[Material shown Boundary: Start]
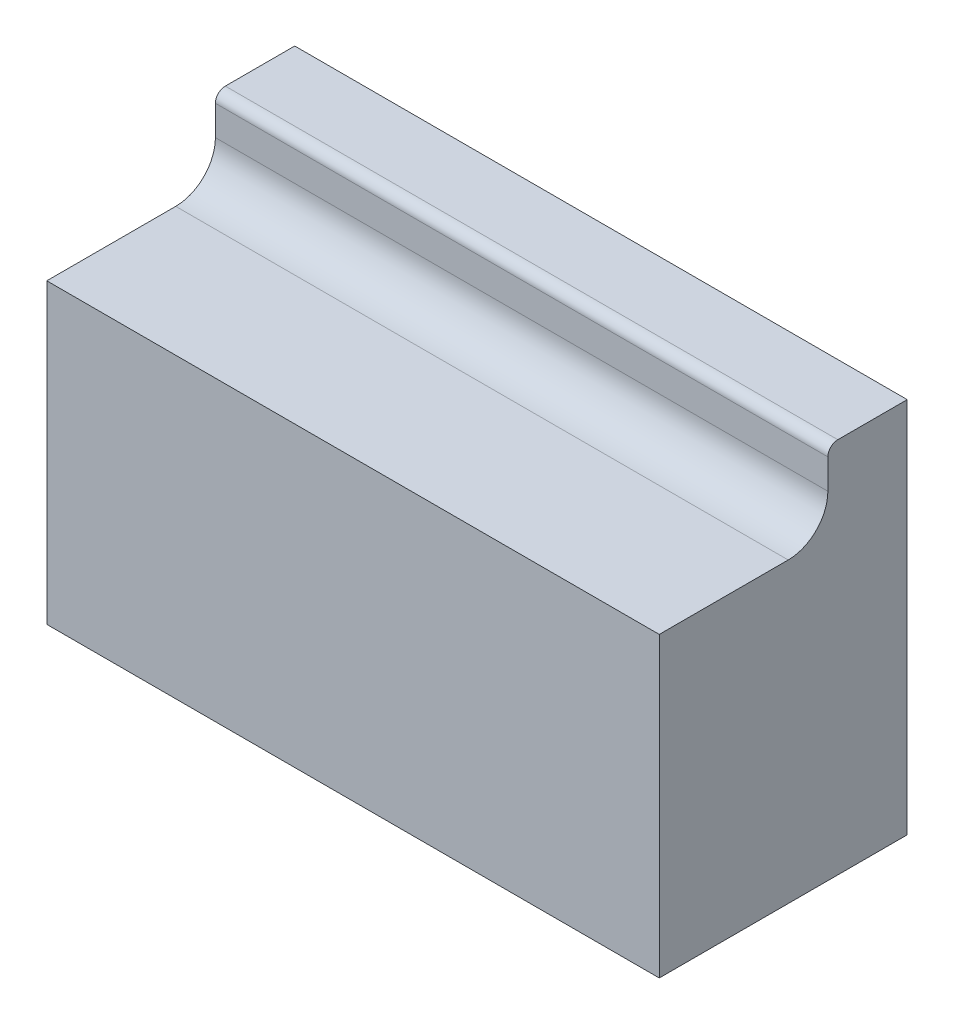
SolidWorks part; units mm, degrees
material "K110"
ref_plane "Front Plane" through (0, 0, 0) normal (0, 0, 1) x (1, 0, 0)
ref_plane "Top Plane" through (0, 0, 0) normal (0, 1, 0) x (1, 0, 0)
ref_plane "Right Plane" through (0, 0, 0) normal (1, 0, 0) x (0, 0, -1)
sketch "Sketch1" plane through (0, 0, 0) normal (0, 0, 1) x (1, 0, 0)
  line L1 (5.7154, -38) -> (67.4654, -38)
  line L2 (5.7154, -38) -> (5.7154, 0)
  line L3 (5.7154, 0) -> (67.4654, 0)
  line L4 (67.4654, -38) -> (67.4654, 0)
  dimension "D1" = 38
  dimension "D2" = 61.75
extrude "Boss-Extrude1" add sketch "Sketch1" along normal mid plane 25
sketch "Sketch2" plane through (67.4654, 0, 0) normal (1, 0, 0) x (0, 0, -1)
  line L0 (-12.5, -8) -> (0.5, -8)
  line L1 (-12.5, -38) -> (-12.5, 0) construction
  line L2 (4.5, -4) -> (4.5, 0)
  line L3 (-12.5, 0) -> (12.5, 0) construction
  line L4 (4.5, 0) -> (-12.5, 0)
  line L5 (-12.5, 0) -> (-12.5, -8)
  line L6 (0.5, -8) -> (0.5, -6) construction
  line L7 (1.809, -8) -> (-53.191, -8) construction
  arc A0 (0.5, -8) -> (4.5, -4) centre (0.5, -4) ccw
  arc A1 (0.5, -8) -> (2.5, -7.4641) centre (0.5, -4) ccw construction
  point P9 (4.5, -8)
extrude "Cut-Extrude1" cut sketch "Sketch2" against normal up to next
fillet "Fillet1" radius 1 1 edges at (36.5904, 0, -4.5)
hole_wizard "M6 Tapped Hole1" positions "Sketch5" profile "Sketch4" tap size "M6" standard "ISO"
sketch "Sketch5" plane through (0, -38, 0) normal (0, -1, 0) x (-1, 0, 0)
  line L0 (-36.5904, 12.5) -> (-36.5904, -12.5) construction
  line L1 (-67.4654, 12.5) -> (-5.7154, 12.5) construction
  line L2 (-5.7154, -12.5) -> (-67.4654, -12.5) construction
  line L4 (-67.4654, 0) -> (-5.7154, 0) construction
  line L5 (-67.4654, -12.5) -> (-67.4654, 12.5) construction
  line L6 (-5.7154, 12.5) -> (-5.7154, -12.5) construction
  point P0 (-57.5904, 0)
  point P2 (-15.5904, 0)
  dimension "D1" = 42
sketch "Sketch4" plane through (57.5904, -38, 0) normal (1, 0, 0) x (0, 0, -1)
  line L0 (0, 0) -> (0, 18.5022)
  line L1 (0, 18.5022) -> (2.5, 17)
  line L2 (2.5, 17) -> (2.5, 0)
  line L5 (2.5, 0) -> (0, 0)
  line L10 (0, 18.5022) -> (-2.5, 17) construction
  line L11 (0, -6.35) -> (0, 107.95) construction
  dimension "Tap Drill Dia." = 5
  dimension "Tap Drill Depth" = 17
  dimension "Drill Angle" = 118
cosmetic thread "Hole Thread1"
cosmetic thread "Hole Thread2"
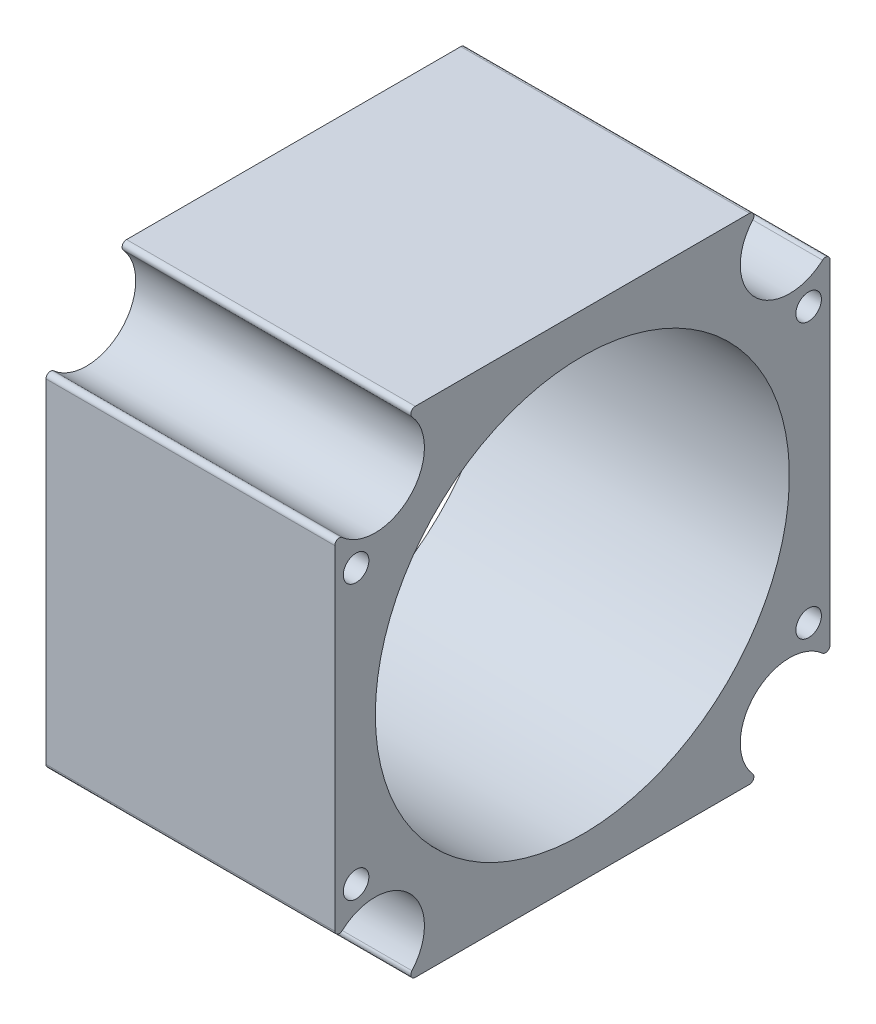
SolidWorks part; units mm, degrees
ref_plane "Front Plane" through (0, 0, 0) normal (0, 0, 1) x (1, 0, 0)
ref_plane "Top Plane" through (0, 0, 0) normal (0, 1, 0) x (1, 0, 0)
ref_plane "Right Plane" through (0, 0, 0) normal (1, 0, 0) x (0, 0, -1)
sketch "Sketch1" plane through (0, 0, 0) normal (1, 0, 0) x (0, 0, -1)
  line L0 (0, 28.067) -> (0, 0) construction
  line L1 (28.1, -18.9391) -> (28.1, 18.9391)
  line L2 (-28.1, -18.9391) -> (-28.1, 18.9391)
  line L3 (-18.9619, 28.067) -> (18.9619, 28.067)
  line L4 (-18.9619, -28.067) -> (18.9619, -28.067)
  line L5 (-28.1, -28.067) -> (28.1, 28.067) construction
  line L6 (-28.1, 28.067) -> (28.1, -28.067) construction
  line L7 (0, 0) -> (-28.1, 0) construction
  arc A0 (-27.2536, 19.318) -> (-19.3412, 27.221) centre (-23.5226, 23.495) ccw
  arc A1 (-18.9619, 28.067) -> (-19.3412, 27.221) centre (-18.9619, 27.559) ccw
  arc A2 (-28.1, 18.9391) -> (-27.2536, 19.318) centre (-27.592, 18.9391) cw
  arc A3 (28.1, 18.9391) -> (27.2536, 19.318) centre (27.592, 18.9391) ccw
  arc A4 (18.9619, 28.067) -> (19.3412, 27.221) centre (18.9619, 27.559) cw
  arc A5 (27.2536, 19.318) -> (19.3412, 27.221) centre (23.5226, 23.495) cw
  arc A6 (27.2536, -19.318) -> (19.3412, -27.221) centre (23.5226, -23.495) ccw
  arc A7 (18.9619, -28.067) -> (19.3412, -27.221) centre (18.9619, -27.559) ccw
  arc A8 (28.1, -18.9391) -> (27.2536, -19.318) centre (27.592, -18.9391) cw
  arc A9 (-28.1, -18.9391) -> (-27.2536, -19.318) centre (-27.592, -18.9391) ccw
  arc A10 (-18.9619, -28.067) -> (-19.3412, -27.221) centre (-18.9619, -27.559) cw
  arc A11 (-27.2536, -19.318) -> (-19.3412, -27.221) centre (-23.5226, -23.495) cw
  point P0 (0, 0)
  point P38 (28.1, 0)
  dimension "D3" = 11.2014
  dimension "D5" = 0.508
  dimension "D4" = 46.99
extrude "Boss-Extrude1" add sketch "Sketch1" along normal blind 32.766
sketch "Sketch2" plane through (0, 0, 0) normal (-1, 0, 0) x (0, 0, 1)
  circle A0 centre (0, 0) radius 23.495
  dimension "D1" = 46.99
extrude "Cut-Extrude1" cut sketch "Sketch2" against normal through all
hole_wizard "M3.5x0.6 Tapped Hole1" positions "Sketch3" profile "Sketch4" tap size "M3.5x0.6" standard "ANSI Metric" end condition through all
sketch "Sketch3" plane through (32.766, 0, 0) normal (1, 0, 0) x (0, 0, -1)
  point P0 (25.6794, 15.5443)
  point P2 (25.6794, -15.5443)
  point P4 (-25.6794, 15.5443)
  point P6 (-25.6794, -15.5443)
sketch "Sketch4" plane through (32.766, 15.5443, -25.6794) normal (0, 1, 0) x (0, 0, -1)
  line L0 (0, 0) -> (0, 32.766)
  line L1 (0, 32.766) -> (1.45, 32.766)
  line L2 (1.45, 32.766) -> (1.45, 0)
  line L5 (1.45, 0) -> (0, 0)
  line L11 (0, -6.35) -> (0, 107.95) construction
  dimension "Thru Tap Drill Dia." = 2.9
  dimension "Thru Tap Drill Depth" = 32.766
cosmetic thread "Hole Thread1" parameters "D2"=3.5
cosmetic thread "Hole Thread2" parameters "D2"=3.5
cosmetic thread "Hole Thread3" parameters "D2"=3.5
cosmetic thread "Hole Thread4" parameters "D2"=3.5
[Material shown Boundary: End]
### Assignment
Using the listing above, show each line holding the string "against".

### Answer for this exercise
extrude "Cut-Extrude1" cut sketch "Sketch2" against normal up to next
extrude "Cut-Extrude1" cut sketch "Sketch2" against normal through all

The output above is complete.